Kemarin, aku merencanakan sebuah kegiatan workshoppenulisan buku untuk para guru. Informasi alur kegiatan yang direncanakan memakan waktu sampai 4 bulan tersebut, segera kususun. Tahapan kegiatan mulai pada bulan November 2017 sampai Februari 2018. Info kegiatan tersebut selanjutnya aku share ke media sosial yang ada dengan format png. Namun, setelah aku unggah, baru tersadar bahwa tulisan yang seharusnya tahun 2018, tertulis 2017. Aku pun secara spontan berpikir, tentu mereka tahu yang kumaksud. Tidak mungkin kegiatannya akhir 2017 lalu kembali lagi ke awal 2017. Pikirku yakin.
Kegiatan hampir sebulan lagi, namun infonya sudah ku share dengan maksud mendapat respon cepat yang mau ikutan. Ternyata, benar respon pun banyak, hanya saja bukan mau ikutan. Mereka merespon tulisan tahun 2017 yang sejatinya 2018. Candaan, cibiran, bahkan olokan pun berkejaran di kolom komentar. Aku betul-betul tertegun dengan peristiwa ini. Sama sekali tak menduga respon "teman-teman" demikian. Masih terlalu banyak hal positif, benar, dan bermanfaat yang tertuang dalam info kegiatan itu, tapi mengapa yang "salah" itu yang mendapat respon. Kesalahan yang mungkin tidak lebih dari 1% dari keseluruhan kalimat dan kata dari info tersebut. Aku kira, kesalahan itu juga bisa dipikirkan pembenarannya bagi orang-orang yang tidak membutuhkan kepintaran lebih. Semut di seberang lautan tampak, gajah di pelupuk mata tiada terlihat.
Namun, sebenarnya baik juga mendapat respon demikian. Itu artinya mereka teliti dan saksama dalam membaca info kegiatan tersebut. Itu artinya lagi, mereka ingin ikutan, semoga saja. Kalau tidak, berarti mereka-mereka memang hanya mencari-cari apa yang salah. Ironisnya lagi, kesalahan yang sangat kecil itulah yang dibesar-besarkan, bahkan ada kesan mereka hebat telah menemukan kesalahan itu, dan orang yang dipersalahkan itu hanya berkemampuan cetek.
Aku saja yang cuma rakyat kecil, mendapat respon yang demikian. Apalagi Pak Anies Baswedan yang seorang gubernur ibukota. Satu kata saja dalam pidato Pak Anies menjadikan arahan pertamanya sebagai gubernur yang penuh hikmah serta makna tersebut, tak ada artinya buat mereka. Tidak hanya tak ada artinya, malah disalahartikan menjadi negatif. Kata "pribumi" yang dilontarkan gubernur baru DKI itu, telah membuatnya sampai dilaporkan ke polisi. Ternyata, sungguh saat ini kecenderungan mengangkat dan membesarkan kesalahan dibanding membicarakan dan menyanjung kebenaran.

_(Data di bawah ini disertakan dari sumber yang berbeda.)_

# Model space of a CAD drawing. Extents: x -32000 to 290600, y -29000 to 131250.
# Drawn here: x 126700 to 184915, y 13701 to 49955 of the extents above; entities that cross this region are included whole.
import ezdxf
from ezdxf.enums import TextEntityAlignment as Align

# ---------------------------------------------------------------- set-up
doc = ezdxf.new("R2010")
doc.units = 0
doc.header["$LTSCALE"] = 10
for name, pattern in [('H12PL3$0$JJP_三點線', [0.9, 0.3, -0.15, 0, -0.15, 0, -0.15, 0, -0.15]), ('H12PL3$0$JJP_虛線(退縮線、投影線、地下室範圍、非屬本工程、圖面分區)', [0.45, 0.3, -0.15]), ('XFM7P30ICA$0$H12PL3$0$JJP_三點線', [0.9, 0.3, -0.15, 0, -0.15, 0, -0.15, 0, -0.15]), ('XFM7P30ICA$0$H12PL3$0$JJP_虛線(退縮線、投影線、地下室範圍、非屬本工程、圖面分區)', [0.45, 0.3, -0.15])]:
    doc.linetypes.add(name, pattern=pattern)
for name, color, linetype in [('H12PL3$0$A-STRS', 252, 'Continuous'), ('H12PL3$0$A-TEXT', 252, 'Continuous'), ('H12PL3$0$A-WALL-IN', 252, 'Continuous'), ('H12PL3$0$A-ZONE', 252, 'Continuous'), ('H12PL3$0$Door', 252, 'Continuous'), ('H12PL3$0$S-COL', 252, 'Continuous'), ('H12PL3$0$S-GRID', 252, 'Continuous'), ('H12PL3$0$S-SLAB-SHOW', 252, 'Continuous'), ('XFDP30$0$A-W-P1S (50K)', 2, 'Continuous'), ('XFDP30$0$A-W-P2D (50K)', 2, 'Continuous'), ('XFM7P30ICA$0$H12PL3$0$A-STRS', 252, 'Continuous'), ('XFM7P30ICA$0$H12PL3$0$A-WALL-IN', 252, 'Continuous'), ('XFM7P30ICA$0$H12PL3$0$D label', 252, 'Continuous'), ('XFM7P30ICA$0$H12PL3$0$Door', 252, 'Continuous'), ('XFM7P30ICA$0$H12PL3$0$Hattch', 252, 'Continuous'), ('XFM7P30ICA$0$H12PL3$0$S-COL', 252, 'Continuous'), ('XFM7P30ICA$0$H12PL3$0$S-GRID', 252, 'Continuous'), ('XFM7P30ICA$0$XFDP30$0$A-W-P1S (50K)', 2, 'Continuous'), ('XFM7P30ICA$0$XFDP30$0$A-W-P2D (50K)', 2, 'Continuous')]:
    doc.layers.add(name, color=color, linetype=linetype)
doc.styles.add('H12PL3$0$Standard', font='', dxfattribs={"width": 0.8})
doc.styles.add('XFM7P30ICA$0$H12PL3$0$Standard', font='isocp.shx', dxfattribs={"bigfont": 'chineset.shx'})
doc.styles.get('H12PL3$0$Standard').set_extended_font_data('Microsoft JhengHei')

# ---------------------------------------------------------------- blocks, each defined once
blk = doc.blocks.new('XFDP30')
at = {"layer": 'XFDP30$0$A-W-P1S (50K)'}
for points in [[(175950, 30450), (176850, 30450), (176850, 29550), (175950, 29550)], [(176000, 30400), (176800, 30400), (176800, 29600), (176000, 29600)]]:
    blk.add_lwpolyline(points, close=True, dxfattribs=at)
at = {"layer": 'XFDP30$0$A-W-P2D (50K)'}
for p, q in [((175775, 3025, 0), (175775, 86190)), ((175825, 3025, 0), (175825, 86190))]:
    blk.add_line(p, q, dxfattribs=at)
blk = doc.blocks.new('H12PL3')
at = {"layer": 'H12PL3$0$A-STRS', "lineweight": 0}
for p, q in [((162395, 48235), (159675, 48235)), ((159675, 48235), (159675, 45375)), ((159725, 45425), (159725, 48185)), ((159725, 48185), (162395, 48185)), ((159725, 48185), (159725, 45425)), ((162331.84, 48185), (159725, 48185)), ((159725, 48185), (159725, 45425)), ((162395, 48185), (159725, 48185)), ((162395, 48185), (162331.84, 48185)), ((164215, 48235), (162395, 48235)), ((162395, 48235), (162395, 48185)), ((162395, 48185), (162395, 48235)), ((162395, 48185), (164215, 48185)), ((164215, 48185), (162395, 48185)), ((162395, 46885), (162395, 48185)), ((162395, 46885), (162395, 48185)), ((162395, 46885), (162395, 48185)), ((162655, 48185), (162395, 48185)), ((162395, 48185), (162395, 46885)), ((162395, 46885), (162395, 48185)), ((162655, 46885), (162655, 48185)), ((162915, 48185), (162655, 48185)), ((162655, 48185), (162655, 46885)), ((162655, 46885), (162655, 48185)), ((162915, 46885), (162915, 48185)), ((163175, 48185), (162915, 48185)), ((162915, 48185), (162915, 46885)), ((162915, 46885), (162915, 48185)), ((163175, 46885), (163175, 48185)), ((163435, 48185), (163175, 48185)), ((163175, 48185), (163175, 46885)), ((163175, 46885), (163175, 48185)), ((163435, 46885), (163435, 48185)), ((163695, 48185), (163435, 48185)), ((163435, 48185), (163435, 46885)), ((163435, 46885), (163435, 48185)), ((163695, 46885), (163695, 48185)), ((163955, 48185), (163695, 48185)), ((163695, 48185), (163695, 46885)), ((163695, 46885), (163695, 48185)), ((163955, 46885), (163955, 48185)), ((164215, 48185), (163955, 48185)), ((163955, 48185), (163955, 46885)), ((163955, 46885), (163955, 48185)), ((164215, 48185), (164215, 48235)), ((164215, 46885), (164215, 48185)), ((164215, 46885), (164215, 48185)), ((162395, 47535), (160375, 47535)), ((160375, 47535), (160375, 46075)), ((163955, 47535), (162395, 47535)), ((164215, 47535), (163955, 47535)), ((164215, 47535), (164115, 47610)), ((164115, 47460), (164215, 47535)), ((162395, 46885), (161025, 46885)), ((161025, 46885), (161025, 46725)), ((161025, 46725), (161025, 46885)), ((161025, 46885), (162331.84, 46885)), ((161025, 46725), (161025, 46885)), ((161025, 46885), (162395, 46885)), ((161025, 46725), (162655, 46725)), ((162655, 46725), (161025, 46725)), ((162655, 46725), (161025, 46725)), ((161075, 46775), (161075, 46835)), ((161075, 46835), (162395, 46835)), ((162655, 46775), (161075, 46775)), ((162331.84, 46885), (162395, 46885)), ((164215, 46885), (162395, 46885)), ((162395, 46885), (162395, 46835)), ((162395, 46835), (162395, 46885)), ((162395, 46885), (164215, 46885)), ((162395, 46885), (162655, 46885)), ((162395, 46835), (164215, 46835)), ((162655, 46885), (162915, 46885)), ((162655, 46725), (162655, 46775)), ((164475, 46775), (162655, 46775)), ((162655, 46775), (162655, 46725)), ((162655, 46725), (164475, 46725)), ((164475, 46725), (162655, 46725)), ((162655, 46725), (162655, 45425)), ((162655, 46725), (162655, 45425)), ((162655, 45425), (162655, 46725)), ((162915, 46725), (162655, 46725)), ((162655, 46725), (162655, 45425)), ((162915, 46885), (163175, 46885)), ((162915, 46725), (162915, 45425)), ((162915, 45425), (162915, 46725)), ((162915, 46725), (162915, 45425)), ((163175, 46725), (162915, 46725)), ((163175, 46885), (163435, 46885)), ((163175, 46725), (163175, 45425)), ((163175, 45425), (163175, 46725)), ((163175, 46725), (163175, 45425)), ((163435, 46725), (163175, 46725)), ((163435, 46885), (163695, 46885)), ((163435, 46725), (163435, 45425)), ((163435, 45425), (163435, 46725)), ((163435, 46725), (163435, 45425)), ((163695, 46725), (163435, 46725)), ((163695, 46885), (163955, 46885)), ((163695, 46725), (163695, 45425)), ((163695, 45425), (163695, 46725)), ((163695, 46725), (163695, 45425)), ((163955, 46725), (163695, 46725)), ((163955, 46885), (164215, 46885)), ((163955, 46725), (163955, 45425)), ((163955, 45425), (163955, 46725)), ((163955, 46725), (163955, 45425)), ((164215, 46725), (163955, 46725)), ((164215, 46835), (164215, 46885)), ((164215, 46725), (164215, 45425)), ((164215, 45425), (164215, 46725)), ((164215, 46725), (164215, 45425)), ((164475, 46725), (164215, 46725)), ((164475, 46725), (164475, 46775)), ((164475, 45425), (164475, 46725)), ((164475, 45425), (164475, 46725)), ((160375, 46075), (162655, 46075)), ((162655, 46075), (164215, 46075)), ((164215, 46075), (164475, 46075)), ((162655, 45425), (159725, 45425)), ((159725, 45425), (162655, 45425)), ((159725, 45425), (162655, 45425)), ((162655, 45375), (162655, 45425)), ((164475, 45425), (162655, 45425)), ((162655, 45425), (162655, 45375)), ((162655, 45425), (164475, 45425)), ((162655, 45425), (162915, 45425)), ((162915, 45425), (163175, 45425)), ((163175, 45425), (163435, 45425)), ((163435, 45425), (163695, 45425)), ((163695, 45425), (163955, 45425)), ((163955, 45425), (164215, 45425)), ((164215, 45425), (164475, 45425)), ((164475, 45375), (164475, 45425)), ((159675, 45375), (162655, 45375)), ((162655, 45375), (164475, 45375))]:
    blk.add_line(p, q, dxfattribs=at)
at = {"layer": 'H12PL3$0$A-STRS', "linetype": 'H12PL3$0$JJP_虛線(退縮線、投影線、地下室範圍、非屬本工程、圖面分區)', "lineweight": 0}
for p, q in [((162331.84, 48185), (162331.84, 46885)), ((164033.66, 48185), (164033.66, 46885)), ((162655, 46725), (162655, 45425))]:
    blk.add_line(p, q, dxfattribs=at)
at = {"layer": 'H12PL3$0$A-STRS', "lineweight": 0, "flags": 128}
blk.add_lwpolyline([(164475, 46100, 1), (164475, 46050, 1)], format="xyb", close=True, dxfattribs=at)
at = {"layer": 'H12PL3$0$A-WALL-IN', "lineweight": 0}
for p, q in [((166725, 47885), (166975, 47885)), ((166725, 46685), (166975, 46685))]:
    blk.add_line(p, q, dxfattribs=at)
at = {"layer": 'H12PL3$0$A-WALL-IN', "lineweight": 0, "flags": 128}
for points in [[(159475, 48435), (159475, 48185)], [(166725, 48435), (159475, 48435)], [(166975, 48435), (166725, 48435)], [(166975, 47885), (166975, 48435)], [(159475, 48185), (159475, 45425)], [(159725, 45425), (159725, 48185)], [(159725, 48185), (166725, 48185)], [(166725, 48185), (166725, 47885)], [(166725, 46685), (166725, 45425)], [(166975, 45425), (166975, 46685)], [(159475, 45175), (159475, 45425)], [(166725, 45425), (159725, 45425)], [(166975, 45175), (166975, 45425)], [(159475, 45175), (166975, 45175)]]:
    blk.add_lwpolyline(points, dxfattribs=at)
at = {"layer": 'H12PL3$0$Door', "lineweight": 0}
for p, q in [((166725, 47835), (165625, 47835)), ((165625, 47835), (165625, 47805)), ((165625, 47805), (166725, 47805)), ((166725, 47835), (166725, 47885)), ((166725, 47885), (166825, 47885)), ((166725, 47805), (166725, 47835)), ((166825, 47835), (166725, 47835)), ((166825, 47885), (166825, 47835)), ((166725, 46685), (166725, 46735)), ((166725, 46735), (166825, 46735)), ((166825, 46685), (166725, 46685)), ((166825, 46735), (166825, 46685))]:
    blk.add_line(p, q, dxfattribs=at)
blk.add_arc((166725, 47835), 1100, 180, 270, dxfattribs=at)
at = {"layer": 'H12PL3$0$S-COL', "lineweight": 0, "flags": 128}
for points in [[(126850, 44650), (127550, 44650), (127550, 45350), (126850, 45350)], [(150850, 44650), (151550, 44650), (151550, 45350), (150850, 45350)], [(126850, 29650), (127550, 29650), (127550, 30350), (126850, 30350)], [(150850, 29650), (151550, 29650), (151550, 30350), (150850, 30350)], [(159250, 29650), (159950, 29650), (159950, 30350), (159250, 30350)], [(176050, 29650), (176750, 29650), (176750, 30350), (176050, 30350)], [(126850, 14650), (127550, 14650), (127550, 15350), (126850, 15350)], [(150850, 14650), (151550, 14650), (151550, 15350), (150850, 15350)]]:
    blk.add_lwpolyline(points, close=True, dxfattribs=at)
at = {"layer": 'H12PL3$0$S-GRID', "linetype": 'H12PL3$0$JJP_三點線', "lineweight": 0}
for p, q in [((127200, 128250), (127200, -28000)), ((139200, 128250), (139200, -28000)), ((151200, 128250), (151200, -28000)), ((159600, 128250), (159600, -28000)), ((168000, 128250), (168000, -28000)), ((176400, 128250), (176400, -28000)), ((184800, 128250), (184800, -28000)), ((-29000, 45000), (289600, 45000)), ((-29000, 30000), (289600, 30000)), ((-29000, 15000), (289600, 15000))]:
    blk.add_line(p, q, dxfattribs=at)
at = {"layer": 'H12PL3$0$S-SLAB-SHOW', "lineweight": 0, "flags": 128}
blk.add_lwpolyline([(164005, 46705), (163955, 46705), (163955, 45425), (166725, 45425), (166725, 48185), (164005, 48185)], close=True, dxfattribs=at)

Untung, aku bukan pak Anies. Kalau tidak, aku mungkin sudah dipanggil polisi karena aduan pihak-pihak yang tersinggung kalender atau penanggalan, aku salahgunakan. Lebih heboh lagi, mungkin juga karena penanggalan itu berlaku secara internasional, aku dilaporkan ke badan penanggalan dunia. Bisa repot aku. Dari sini aku belajar banyak bahwa kita, termasuk aku mungkin, lebih responsif terhadap hal-hal yang salah. Meskipun yang salah itu merupakan salah satu unsur dari seribu unsur pada satu sistem.
Sebagai guru, aku juga mendapati anak-anak yang sering saling ejek dan sering menyebut hal-hal yang negatif pada temannya. Bahkan menjadi lumrah, menanyakan seseorang dengan menyebut ciri-ciri pisik atau karakter yang buruk pada orang tersebut. Anda kenal si A yang kakiknya terlihat pincang sebelah. Mengapa harus kelurangan orang tersebut yang menjadi penandanya.
Mengapa bukan kelebihannya. Anda kenal si B yang mempunyai suara merdu itu. Mengapa bukan seperti itu yang kita biasakan? Intinya, sejatinya semua kita harus bijak dalam semua hal. Adakalanya diam itu adalah emas, kalau komentar atau bicara kita tak bermanfaat. Diam bukan berarti kita tidak, hanya saja kita telah paham bahwa dia, salah. Diam juga tidak berarti bodoh, hanya saja kita yakin bahwa tentu hal tersebut ada penjelasannya. Sekian.